# food for breeding hoppers



## elaineandsparky (Oct 7, 2012)

so i'm fed up of going into pet shops and getting home to find a few dead ones in every tub and I have a spare tank and light so I've just set it up to breed them.
I'm pretty sure I've got everything right in there but one question relating to cost.

Instead of buying veg from the supermarket can I just go into the big outdoors and grab some leafy branches and grass instead?


----------



## bunglenick (Feb 24, 2013)

Personally I just feed mine a mix of rolled oats and blended high quality cat biscuits as I have read that is perfect and what a lot of pro breeders do.

I freeze the oats first to kill off any pests or mites, then in an old blender I crush up about one part cat biscuits, one part oats, then I add one more part oats (which haven't been blended) and mix it all together. I then mix in a spoonful of calcium/vitamin mix and put it in an air tight jar and feed it to my insects with some bug gel or sliced up fruit/veg for water.

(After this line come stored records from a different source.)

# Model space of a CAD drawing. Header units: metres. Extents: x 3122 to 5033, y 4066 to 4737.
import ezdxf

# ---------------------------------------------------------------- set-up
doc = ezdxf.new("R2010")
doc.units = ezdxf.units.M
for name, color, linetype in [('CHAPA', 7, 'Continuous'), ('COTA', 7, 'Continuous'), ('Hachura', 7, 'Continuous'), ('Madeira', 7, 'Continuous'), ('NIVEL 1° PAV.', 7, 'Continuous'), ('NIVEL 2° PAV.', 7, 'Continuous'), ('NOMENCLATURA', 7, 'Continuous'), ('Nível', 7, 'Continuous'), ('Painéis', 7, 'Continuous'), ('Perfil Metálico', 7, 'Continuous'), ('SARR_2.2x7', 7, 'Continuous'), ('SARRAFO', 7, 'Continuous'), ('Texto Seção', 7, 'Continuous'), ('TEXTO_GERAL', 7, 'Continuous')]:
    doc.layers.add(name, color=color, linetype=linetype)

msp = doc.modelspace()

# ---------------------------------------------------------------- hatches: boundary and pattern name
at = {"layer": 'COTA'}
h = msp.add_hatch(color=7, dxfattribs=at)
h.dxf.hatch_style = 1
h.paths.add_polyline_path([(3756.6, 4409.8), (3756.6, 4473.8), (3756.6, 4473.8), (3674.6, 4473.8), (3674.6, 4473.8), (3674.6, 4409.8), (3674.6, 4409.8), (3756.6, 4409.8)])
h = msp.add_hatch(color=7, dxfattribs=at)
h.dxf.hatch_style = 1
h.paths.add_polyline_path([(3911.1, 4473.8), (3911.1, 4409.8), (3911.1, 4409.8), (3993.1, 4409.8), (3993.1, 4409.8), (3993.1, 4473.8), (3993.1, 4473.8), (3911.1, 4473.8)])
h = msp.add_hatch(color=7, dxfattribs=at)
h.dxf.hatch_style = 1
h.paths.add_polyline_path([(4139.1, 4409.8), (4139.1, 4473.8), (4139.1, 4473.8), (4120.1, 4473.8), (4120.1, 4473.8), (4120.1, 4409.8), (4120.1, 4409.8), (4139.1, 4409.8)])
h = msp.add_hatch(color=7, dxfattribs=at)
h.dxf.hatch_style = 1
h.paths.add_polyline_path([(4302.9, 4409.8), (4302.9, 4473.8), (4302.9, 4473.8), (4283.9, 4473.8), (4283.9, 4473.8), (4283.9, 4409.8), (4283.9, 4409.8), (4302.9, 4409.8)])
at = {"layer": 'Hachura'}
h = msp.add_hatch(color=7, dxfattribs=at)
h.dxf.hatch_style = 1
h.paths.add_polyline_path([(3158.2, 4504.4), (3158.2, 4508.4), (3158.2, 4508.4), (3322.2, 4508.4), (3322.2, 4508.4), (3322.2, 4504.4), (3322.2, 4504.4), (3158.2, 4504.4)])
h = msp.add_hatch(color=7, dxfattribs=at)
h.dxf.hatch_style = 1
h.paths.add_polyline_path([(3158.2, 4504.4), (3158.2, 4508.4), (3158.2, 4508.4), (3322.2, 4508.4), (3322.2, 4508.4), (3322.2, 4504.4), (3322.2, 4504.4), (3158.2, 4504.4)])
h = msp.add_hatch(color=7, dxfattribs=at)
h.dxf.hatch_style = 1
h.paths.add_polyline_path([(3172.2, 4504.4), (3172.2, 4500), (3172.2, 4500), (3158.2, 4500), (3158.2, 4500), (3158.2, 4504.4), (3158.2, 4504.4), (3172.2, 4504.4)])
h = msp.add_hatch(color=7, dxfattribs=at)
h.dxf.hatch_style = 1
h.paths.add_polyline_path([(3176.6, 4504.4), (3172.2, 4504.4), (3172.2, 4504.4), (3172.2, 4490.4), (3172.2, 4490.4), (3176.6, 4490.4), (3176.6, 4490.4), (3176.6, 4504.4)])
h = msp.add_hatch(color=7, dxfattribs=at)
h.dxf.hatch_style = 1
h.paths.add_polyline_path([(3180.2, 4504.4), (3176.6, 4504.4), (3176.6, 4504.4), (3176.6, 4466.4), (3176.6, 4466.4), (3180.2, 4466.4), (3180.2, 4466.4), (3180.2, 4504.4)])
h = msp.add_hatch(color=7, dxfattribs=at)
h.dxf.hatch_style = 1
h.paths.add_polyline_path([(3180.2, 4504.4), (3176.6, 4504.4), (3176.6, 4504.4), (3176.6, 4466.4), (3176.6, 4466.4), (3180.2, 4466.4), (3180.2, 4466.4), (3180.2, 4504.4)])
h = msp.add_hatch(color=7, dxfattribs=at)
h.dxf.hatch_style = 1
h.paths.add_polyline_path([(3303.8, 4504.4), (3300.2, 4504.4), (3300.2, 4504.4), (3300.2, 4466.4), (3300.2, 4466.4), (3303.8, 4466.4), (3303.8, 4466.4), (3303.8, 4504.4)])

I also have a layer of this mix in the feeding bowl in my viv so my insects are as gut loaded as they can be. (And a separate calcium dish in the viv as an optional supplement for my gecko)

This works out very cheap for me as we get a job lot of oats from Costco as needed (we make our own muesli so always have oats laying around the kitchen) and as we share our home with several cats we also have high quality cat biscuits on demand.

This might not be as cheap as just getting grass and plants from outside but I remember when I was a kid and our rabbit got sick from eating grass the dog had peed on so you never know what you might end up feeding your feeders and by extension your reptile.


----------



## jarich (Mar 23, 2012)

No that is not what pro breeders do. Pro breeders buy what is called rat chow. Its made by Mazuri and specifically formulated to provide the right nutrition for rodents. Cat biscuits are for cats, rodent chow for rodents. If you absolutely have to feed some other type of food, go with rabbit or at least dog rather than cat. At least rabbit and dog biscuits have a decent amount of vegetable matter in it and not such a high amount of protein.


----------



## bunglenick (Feb 24, 2013)

I'm just going on what I have read and have heard feeder breeders saying, but this is for insects not rodents anyway.


----------



## jarich (Mar 23, 2012)

Hahaha! Sorry, I keep getting things mixed up due to the different names over there. My bad. Thought you talking about hoppers as in mice. I take it you are talking about locusts?


----------



## bunglenick (Feb 24, 2013)

Yeah. I was talking about locusts.


----------



## Dragon Farm (Aug 7, 2009)

I have never heard of professional locust breeders using cat biscuits, and I have seen a large scale operation in the flesh, and I have friends in the industry. 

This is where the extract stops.